30 September 2025

Press conference, Melbourne

Note

Subjects: interest rates decision, Seven West and Southern Cross, housing approvals data

Jim Chalmers:

Today, unsurprisingly, the independent Reserve Bank left the cash rate on hold at 3.60 per cent. This is not the outcome that millions of Australian homeowners would have wanted but it’s certainly the outcome that markets and economists were expecting.

Interest rates have already come down 3 times in 6 months this year and that’s a very good thing. The 3 interest rate cuts which are already in the system are already providing very welcome relief to millions of Australians with a mortgage.

For a household with a mortgage of $700,000, the rate cuts this year means they are saving about $330 a month, or about $4,000 a year.

The progress that we’ve made together on inflation this year has already given the Reserve Bank the confidence to cut interest rates 3 times in that six‑month period.

Now we know that when interest rates are cut around the world, they’re not always cut at every meeting, or indeed every couple of meetings. So this outcome today from the independent Reserve Bank is not a surprise to markets or to economists but nor is it the outcome that millions of Australians with a mortgage would have been hoping for.

If you look at the progress that we’ve made on inflation on the most reliable measure we’ve got, both headline and underlying inflation at their lowest rates in almost 4 years and both of them back in the Reserve Bank’s target band.

Now whether it’s the more volatile monthly measure or even the quarterly measure, we do expect inflation to bounce around, but we have seen it at lows for the last 3 or 4 years when it comes to those quarterly measures and that does reflect the progress we have made on inflation.

The Reserve Bank’s statement also goes into the global economic uncertainty that we are confronting here in this country and indeed around the world. And what that global uncertainty means is that the Reserve Bank has taken this decision to stay pat for the time being in the face of that uncertainty, to see how it pans out.

We have identified as a government, as the Reserve Bank has as an independent monetary policy board, that volatility and uncertainty in the global economy does weigh heavily on our own domestic economy and on the decisions that we take as a government and as an independent Reserve Bank board.
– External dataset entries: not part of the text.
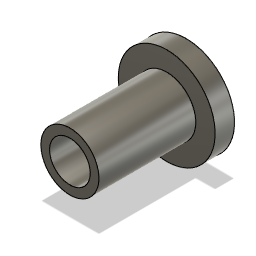
PTFE_Tube_Cap (Autodesk Fusion 360 design; units mm, degrees)
Autodesk Fusion 360 part; units mm, degrees
sketch "Skizze1" plane through (0, 0, 0) normal (0, 1, 0) x (1, 0, 0)
  circle A0 centre (0, 0) radius 5
  dimension "d1" = 10
  constraint coincident A0.centre origin
  measures "d1" diameter of A0
extrude "Extrusion1" add sketch "Skizze1" along normal blind 2
ref_plane "Arbeitsebene1" through (0, 2, 0) normal (0, 1, 0) x (-1, 0, 0)
sketch "Skizze3" plane through (0, 2, 0) normal (0, 1, 0) x (1, 0, 0)
  circle A0 centre (0, 0) radius 2.1
  circle A1 centre (0, 0) radius 3
  dimension "d7" = 4.2
  dimension "d8" = 6
  constraint coincident A0.centre A1.centre
  constraint concentric A0 A1
  measures "d7" diameter of A0
  measures "d8" diameter of A1
extrude "Extrusion2" add sketch "Skizze3" along normal blind 10
move_body "Verschieben1" bodies 1 to x (1, 0, 0) y (0, 0, 1) z (0, -1, 0) at (0, 2, -2)
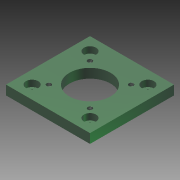
# Autodesk Inventor part: 13_0204_060
Saved by Autodesk Inventor 2012 SP1 (Build 160190100, 190)
## iProperties
Created: 2013-04-29
Part Number: 13_0204_060
Material: Default
Document SubType Name: Modeling
Designer: vogel
Density: 1 g/cm^3
Author: vogel
Autodesk Inventor part; units mm, degrees
ref_plane "YZ Plane" through (0, 0, 0) normal (1, 0, 0) x (0, 1, 0)
ref_plane "XZ Plane" through (0, 0, 0) normal (0, 1, 0) x (-1, 0, 0)
ref_plane "XY Plane" through (0, 0, 0) normal (0, 0, 1) x (1, 0, 0)
sketch "Skizze1" plane through (0, 0, 0) normal (0, 0, 1) x (1, 0, 0)
  line L0 (-22.5, 22.5) -> (22.5, 22.5)
  line L1 (22.5, 22.5) -> (22.5, -22.5)
  line L2 (22.5, -22.5) -> (-22.5, -22.5)
  line L3 (-22.5, -22.5) -> (-22.5, 22.5)
  circle A0 centre (0, 0) radius 11
  line L4 (-31.5, 0) -> (31.5, 0) projected
  line L5 (0, -31.5) -> (0, 31.5) projected
  dimension "d0" = 22
  dimension "d1" = 45
  constraints: 8 end point, 2 parallel, 2 perpendicular, 1 centre point, 1 coincident, 1 horizontal, 2 other
  measures "d0" diameter of A0
  measures "d1" distance of L0.end L1.end
extrude "Extrusion1" add sketch "Skizze1" along normal blind 5 contours L0 L5 A0 L4 L3 | L0 L1 L4 A0 L5 | L4 A0 L5 L2 L3 | L1 L2 L5 A0 L4
sketch "Skizze2" plane through (0, 0, 5) normal (0, 0, 1) x (1, 0, 0)
  line L0 (-11, 11) -> (11, 11)
  line L1 (11, 11) -> (11, -11)
  line L2 (11, -11) -> (-11, -11)
  line L3 (-11, -11) -> (-11, 11)
  line L4 (-31.5, 0) -> (31.5, 0) projected
  line L5 (0, -31.5) -> (0, 31.5) projected
  dimension "d4" = 22
  constraints: 8 end point, 4 coincident, 2 parallel, 2 perpendicular, 1 horizontal, 2 other
  measures "d4" distance of L2.end L0.start
hole "Bohrung1" at (-11, 11, 5) at (11, 11, 5) at (11, -11, 5) at (-11, -11, 5) direction (0, 0, -1) diameter 2.459 end through all thread size "M3x0.5" class "6H" standard "ISO Metric profile"
sketch "Skizze3" plane through (0, 0, 5) normal (0, 0, 1) x (1, 0, 0)
  line L0 (-31.5, 0) -> (31.5, 0) projected
  line L1 (0, -31.5) -> (0, 31.5) projected
  line L2 (-15.5, 15.5) -> (15.5, 15.5)
  line L3 (15.5, 15.5) -> (15.5, -15.5)
  line L4 (15.5, -15.5) -> (-15.5, -15.5)
  line L5 (-15.5, -15.5) -> (-15.5, 15.5)
  dimension "d12" = 31
  constraints: 8 end point, 3 coincident, 2 parallel, 2 perpendicular, 1 horizontal, 2 other
  measures "d12" distance of L2.start L2.end
hole "Bohrung2" at (15.5, -15.5, 5) at (-15.5, 15.5, 5) at (15.5, 15.5, 5) at (-15.5, -15.5, 5) direction (0, 0, -1) diameter 3.4 end through all counterbore diameter 6.5 counterbore depth 3.4

In the face of all of this uncertainty, Australians should be proud of the progress we’ve made on the economy. We’ve been able to get inflation down while maintaining low unemployment. We’ve seen real wages and living standards grow in recent data. We’ve also been able to get the debt down substantially, deliver a couple of surpluses and a much smaller deficit, as revealed in yesterday’s Final Budget Outcome. And the Reserve Bank has also pointed out in its statement today that one of the really encouraging elements of our economy in recent months is we are seeing the private sector pick up its rightful role as the primary driver of growth in our economy.

We’ve been able to keep the economy ticking over. We’ve been able to keep unemployment low. We’ve made very substantial progress on inflation. We’ve made welcome progress as well on real wages and in the budget as well. But we know that there’s more work to do in our budget and in our economy, and that’s the government’s focus.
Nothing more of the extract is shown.